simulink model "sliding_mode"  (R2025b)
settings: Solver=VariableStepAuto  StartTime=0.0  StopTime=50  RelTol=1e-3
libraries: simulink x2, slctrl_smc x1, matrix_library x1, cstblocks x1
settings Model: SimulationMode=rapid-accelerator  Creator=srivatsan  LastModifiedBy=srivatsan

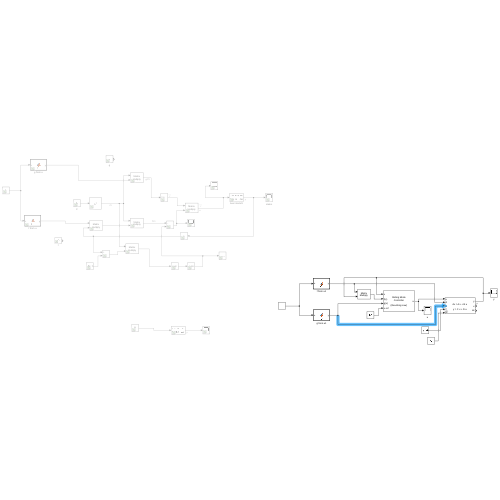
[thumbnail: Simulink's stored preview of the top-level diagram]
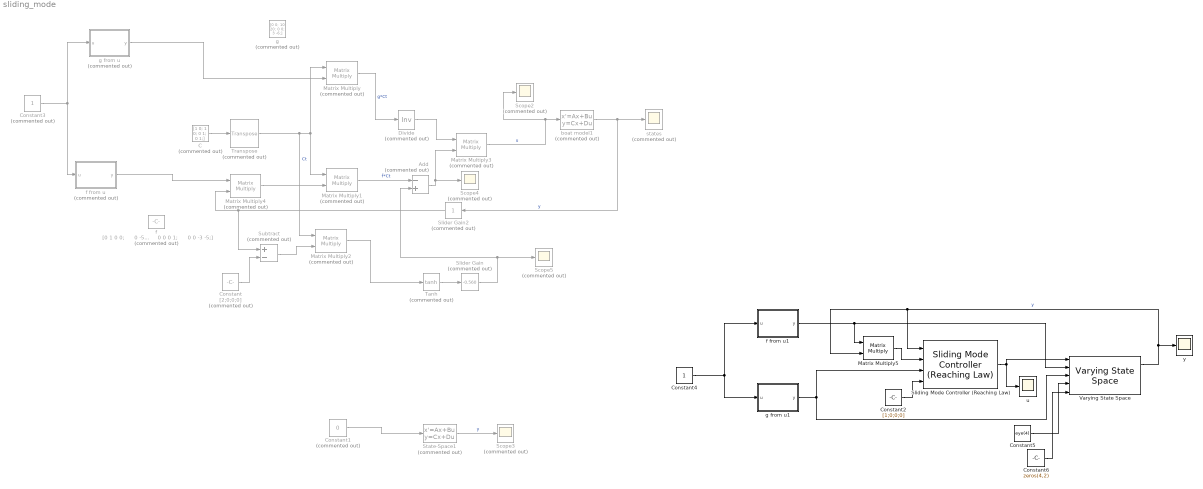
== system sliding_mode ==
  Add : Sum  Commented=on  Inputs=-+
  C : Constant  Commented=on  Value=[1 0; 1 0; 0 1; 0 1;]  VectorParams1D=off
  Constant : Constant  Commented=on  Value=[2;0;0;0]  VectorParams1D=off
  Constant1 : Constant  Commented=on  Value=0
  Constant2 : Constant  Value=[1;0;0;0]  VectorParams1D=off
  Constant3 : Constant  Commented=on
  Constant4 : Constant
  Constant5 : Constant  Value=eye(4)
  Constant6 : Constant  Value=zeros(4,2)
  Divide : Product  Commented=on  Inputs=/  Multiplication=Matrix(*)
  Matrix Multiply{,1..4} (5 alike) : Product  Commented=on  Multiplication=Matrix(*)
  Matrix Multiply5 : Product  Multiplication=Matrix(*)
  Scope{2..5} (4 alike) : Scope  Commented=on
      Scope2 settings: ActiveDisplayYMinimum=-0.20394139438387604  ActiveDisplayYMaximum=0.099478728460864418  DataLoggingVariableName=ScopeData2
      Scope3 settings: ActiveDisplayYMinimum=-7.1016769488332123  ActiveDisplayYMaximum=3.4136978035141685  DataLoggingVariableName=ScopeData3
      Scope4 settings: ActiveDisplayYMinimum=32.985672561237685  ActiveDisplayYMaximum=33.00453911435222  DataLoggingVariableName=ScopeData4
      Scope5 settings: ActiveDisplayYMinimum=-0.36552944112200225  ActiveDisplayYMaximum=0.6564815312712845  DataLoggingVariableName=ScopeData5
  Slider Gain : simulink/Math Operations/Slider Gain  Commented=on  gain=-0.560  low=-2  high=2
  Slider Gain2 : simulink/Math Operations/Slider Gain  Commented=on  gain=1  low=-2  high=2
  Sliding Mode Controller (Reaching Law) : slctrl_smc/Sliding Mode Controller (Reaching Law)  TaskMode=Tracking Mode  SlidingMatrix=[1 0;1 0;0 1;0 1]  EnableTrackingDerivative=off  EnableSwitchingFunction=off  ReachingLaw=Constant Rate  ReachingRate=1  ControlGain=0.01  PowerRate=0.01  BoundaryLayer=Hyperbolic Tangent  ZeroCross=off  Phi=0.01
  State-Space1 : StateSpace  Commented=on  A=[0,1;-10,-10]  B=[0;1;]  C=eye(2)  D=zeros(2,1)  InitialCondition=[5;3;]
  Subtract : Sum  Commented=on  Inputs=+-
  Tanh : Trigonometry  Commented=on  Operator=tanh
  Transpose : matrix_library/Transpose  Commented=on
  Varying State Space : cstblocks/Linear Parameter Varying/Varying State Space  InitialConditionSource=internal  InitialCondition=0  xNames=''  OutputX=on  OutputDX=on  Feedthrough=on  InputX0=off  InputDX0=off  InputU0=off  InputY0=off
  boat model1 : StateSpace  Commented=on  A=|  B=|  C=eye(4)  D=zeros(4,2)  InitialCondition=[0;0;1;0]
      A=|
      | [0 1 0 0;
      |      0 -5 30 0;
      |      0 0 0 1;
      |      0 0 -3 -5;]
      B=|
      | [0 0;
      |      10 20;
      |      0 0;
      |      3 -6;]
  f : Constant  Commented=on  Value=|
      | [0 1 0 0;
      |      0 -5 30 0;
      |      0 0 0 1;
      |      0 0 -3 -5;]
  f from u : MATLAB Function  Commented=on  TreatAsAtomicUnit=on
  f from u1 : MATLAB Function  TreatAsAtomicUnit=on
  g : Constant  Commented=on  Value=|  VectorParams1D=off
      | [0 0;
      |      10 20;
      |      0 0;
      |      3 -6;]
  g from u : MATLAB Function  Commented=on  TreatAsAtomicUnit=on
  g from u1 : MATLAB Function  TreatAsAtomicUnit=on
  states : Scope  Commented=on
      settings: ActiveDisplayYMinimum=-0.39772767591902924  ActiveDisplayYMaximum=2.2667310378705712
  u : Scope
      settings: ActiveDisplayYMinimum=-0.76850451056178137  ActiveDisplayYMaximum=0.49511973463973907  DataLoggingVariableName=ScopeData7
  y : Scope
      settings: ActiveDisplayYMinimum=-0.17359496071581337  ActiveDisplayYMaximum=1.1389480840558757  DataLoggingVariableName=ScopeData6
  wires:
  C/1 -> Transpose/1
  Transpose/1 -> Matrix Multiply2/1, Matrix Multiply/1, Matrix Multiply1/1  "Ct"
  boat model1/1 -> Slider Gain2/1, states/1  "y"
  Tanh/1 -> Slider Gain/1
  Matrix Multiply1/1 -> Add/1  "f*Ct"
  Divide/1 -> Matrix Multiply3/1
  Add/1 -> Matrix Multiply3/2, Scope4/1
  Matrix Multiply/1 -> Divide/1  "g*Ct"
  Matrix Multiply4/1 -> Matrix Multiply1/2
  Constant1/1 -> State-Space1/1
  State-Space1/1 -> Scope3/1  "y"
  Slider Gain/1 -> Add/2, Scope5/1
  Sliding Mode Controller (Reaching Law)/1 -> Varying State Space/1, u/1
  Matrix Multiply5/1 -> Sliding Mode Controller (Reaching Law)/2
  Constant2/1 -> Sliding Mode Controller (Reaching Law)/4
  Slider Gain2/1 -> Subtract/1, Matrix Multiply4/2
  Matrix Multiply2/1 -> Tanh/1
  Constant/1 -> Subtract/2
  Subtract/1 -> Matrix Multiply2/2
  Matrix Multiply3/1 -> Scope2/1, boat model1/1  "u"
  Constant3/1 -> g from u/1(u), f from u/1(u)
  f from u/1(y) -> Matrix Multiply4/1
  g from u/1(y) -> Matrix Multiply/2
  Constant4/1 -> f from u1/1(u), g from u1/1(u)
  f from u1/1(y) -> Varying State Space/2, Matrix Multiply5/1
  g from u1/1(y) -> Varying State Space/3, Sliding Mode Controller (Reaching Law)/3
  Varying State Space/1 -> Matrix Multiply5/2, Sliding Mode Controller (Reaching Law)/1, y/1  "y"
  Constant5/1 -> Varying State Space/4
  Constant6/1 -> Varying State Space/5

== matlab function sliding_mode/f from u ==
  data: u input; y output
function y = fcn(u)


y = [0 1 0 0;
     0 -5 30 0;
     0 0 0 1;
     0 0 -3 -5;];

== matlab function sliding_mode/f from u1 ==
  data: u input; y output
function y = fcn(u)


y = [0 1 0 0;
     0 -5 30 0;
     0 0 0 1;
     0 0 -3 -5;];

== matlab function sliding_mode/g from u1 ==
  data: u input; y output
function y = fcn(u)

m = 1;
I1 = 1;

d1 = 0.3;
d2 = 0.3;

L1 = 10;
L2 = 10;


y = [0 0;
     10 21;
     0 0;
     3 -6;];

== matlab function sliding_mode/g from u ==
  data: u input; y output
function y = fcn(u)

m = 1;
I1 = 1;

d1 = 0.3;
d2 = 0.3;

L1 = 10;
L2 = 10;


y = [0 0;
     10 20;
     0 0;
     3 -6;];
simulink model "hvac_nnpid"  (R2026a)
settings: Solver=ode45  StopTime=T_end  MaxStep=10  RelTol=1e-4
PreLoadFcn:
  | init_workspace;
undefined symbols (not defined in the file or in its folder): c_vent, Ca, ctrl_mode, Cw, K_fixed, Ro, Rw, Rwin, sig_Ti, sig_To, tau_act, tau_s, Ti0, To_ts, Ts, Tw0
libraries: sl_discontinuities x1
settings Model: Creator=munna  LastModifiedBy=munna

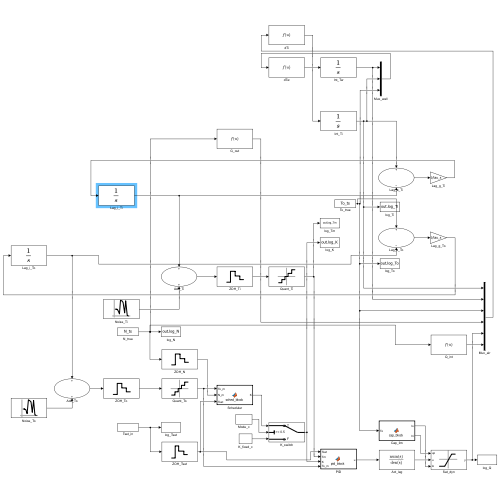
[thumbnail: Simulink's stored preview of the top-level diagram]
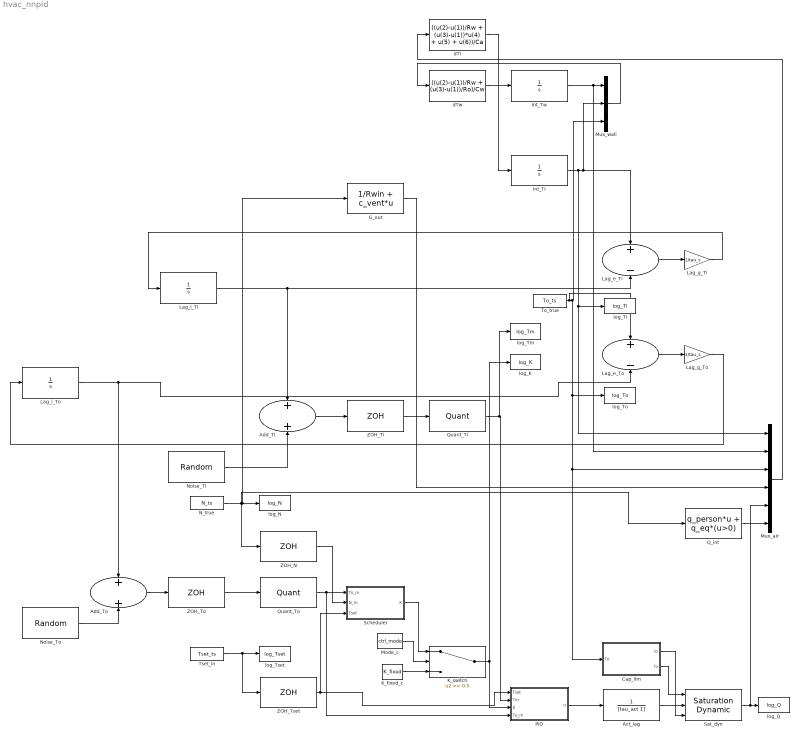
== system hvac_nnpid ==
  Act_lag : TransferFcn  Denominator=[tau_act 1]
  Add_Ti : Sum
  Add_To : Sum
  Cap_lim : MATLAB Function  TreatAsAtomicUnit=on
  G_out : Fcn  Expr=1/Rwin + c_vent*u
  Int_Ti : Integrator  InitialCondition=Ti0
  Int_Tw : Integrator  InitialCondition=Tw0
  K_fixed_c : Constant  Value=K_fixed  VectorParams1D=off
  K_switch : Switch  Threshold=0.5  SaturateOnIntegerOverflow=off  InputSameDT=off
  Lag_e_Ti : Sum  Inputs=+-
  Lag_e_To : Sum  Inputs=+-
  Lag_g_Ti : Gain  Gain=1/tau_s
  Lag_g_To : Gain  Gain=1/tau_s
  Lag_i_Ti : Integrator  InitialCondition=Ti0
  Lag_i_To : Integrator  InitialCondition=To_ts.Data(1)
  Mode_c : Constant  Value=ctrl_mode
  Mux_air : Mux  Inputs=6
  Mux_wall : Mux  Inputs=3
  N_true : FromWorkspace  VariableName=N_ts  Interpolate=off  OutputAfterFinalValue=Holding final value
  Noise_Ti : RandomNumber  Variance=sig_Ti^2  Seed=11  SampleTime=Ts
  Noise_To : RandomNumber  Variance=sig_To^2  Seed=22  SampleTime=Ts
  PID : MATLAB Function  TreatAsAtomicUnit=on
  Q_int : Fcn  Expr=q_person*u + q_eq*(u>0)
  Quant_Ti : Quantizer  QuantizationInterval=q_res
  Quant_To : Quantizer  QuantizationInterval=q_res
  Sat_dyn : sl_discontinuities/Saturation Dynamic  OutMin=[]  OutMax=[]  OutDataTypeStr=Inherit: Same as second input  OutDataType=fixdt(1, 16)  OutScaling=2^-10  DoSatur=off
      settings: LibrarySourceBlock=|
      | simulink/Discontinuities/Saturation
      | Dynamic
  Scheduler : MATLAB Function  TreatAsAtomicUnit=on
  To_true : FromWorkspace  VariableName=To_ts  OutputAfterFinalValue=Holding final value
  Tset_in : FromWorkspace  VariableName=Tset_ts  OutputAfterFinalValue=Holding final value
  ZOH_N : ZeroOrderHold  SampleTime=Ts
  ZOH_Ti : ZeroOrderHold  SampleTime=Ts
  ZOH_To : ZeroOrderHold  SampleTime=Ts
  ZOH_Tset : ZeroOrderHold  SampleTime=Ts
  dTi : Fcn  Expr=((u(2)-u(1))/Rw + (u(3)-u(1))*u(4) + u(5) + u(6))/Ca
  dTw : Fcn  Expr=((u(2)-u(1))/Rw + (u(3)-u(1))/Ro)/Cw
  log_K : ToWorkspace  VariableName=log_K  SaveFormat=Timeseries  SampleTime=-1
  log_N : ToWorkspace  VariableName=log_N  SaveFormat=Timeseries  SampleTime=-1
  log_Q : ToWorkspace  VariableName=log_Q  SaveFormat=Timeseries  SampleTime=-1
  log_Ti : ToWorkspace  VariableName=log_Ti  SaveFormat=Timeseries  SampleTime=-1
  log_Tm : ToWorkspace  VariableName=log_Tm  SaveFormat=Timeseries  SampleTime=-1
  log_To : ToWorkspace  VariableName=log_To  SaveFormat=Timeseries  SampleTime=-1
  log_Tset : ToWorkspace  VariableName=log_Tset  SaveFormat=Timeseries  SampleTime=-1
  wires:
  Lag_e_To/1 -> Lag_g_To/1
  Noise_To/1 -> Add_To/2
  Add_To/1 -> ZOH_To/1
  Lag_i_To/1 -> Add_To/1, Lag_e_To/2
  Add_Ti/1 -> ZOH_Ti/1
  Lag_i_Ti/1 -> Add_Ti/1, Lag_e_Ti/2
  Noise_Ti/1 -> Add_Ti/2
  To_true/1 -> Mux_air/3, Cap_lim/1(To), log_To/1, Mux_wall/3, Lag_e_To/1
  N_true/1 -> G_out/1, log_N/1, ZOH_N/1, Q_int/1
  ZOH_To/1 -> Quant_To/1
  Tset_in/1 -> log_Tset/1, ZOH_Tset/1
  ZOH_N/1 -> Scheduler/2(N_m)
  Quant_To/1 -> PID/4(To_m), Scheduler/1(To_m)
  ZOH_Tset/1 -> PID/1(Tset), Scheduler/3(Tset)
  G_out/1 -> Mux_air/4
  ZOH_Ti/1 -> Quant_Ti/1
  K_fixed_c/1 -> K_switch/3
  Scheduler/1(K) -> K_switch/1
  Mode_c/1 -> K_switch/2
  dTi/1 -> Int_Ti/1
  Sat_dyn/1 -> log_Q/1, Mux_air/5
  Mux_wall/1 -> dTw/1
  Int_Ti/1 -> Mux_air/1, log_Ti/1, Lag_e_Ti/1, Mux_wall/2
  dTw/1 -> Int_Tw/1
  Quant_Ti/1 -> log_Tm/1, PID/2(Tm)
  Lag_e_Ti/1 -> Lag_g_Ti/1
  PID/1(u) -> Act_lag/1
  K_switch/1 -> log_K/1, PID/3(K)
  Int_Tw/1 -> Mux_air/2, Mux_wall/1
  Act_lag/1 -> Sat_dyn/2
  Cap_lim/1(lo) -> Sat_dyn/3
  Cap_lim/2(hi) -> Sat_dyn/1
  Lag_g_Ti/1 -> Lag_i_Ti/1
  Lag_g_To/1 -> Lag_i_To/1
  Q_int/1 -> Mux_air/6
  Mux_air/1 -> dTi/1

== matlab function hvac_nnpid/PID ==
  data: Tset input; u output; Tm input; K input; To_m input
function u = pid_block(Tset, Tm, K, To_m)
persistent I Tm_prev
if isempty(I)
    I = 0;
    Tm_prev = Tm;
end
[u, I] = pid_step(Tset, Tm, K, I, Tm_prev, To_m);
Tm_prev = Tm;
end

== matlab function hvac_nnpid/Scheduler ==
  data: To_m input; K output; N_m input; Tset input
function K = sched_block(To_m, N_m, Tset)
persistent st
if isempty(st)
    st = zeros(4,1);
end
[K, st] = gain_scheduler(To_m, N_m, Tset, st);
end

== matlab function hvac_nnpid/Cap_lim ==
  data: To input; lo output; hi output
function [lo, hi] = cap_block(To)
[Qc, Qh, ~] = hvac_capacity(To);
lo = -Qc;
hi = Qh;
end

· · · · · · ·

Return only the lines running from the top of the data to the line that holds "Constant3 : Constant". Include both of those lines, but skip the pictures.

simulink model "sliding_mode"  (R2025b)
settings: Solver=VariableStepAuto  StartTime=0.0  StopTime=50  RelTol=1e-3
libraries: simulink x2, slctrl_smc x1, matrix_library x1, cstblocks x1
settings Model: SimulationMode=rapid-accelerator  Creator=srivatsan  LastModifiedBy=srivatsan

[thumbnail: Simulink's stored preview of the top-level diagram]
== system sliding_mode ==
  Add : Sum  Commented=on  Inputs=-+
  C : Constant  Commented=on  Value=[1 0; 1 0; 0 1; 0 1;]  VectorParams1D=off
  Constant : Constant  Commented=on  Value=[2;0;0;0]  VectorParams1D=off
  Constant1 : Constant  Commented=on  Value=0
  Constant2 : Constant  Value=[1;0;0;0]  VectorParams1D=off
  Constant3 : Constant  Commented=on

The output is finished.